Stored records
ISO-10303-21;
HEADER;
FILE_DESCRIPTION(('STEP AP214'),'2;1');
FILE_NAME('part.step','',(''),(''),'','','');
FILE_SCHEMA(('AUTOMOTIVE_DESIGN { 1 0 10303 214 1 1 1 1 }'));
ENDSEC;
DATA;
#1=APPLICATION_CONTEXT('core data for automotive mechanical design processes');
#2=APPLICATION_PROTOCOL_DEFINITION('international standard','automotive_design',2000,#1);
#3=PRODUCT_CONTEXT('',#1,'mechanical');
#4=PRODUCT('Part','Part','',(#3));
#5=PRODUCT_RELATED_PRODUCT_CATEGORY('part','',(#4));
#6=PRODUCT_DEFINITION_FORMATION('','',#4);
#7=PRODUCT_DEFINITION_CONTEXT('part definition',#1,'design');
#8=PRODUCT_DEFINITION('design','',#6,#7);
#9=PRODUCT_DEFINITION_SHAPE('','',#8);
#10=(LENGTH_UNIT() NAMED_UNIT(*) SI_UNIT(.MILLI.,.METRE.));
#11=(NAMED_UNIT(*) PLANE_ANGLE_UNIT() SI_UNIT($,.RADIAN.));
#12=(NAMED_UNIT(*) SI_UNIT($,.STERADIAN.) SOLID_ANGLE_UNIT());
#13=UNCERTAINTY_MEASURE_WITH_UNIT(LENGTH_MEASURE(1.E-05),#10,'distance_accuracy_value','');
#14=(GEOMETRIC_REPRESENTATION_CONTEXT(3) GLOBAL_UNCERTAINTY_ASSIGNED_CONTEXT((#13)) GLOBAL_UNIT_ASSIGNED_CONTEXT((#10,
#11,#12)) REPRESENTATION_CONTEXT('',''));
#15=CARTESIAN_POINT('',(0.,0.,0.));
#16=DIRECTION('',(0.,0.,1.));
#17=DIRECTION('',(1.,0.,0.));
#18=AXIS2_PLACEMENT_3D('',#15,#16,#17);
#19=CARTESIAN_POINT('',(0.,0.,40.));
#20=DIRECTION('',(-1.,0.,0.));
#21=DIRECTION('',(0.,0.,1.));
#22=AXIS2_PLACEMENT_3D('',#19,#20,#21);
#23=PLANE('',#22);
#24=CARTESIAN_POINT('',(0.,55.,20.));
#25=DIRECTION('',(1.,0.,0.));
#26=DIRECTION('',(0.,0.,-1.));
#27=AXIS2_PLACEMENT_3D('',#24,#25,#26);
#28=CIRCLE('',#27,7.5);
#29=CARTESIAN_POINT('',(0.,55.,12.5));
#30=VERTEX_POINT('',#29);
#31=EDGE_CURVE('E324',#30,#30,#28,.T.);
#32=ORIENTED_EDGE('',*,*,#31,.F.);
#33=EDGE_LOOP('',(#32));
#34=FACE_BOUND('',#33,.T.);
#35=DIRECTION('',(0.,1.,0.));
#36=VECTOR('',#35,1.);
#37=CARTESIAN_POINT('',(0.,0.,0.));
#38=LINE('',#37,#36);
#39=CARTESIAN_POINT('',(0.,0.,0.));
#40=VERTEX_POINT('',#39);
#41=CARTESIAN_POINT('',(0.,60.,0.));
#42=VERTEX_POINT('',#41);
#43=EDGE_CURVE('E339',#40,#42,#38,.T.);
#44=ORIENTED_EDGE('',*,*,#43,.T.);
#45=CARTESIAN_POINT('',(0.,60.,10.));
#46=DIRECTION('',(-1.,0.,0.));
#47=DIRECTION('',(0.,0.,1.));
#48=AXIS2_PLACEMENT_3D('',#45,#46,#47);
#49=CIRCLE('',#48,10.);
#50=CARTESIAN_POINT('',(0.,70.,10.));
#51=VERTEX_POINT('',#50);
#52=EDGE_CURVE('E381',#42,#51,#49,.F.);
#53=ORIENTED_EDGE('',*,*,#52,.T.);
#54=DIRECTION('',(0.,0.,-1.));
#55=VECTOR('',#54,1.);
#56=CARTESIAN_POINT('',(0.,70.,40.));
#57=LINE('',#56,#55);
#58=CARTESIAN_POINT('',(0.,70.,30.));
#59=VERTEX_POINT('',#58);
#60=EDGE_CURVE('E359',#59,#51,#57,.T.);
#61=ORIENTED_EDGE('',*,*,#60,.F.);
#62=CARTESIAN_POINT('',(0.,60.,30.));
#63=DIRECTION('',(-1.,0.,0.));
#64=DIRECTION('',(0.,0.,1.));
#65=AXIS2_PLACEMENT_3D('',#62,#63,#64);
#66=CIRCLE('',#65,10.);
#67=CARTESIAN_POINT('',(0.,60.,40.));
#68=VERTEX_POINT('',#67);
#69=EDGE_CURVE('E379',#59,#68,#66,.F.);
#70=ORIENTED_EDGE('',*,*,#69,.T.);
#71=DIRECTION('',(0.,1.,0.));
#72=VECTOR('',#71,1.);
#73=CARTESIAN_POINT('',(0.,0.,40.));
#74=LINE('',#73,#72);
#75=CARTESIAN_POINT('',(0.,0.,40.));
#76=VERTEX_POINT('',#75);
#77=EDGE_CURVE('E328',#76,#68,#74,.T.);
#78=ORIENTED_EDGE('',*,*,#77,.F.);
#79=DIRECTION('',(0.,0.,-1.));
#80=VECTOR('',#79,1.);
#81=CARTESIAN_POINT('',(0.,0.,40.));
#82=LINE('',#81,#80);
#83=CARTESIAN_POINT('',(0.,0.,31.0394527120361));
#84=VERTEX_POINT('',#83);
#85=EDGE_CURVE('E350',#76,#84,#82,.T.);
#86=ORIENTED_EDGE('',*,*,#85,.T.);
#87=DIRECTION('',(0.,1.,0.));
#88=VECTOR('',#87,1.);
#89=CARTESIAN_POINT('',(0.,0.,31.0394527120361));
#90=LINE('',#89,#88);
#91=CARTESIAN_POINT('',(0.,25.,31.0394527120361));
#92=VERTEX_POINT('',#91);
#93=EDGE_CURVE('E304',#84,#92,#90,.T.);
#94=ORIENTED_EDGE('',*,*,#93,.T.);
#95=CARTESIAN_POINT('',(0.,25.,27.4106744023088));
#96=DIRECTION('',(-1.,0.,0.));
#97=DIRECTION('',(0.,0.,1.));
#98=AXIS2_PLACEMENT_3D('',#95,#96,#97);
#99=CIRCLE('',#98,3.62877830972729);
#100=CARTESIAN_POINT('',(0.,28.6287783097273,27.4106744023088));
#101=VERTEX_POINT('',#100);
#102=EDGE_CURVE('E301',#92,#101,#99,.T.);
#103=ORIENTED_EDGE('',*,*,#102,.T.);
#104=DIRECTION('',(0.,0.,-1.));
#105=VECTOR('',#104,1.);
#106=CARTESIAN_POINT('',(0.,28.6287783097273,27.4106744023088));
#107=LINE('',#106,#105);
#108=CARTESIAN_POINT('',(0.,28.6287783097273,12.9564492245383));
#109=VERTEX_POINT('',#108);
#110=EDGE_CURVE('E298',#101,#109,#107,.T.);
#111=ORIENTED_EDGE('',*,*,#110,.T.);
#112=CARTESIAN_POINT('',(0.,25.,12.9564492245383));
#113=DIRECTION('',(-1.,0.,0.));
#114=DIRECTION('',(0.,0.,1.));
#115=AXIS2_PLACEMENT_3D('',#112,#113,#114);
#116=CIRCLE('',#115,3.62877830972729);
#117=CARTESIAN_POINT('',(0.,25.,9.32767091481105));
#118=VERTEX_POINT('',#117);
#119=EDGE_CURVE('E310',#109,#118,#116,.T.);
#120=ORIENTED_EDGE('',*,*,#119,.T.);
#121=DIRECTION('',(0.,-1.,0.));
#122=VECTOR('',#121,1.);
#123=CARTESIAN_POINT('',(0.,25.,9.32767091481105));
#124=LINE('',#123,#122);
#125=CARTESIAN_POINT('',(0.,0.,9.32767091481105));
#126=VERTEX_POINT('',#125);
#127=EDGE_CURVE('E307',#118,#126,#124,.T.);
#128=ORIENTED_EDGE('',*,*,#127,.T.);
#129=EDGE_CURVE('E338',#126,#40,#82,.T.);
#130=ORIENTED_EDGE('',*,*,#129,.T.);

* EXERCISE AIM
Write down again, exactly as given, only the lines above that fall from the line with "#37=CARTESIAN_POINT('',(0.,0.,0.));" to the line with "#57=LINE('',#56,#55);", inclusive.

* FINAL ANSWER
#37=CARTESIAN_POINT('',(0.,0.,0.));
#38=LINE('',#37,#36);
#39=CARTESIAN_POINT('',(0.,0.,0.));
#40=VERTEX_POINT('',#39);
#41=CARTESIAN_POINT('',(0.,60.,0.));
#42=VERTEX_POINT('',#41);
#43=EDGE_CURVE('E339',#40,#42,#38,.T.);
#44=ORIENTED_EDGE('',*,*,#43,.T.);
#45=CARTESIAN_POINT('',(0.,60.,10.));
#46=DIRECTION('',(-1.,0.,0.));
#47=DIRECTION('',(0.,0.,1.));
#48=AXIS2_PLACEMENT_3D('',#45,#46,#47);
#49=CIRCLE('',#48,10.);
#50=CARTESIAN_POINT('',(0.,70.,10.));
#51=VERTEX_POINT('',#50);
#52=EDGE_CURVE('E381',#42,#51,#49,.F.);
#53=ORIENTED_EDGE('',*,*,#52,.T.);
#54=DIRECTION('',(0.,0.,-1.));
#55=VECTOR('',#54,1.);
#56=CARTESIAN_POINT('',(0.,70.,40.));
#57=LINE('',#56,#55);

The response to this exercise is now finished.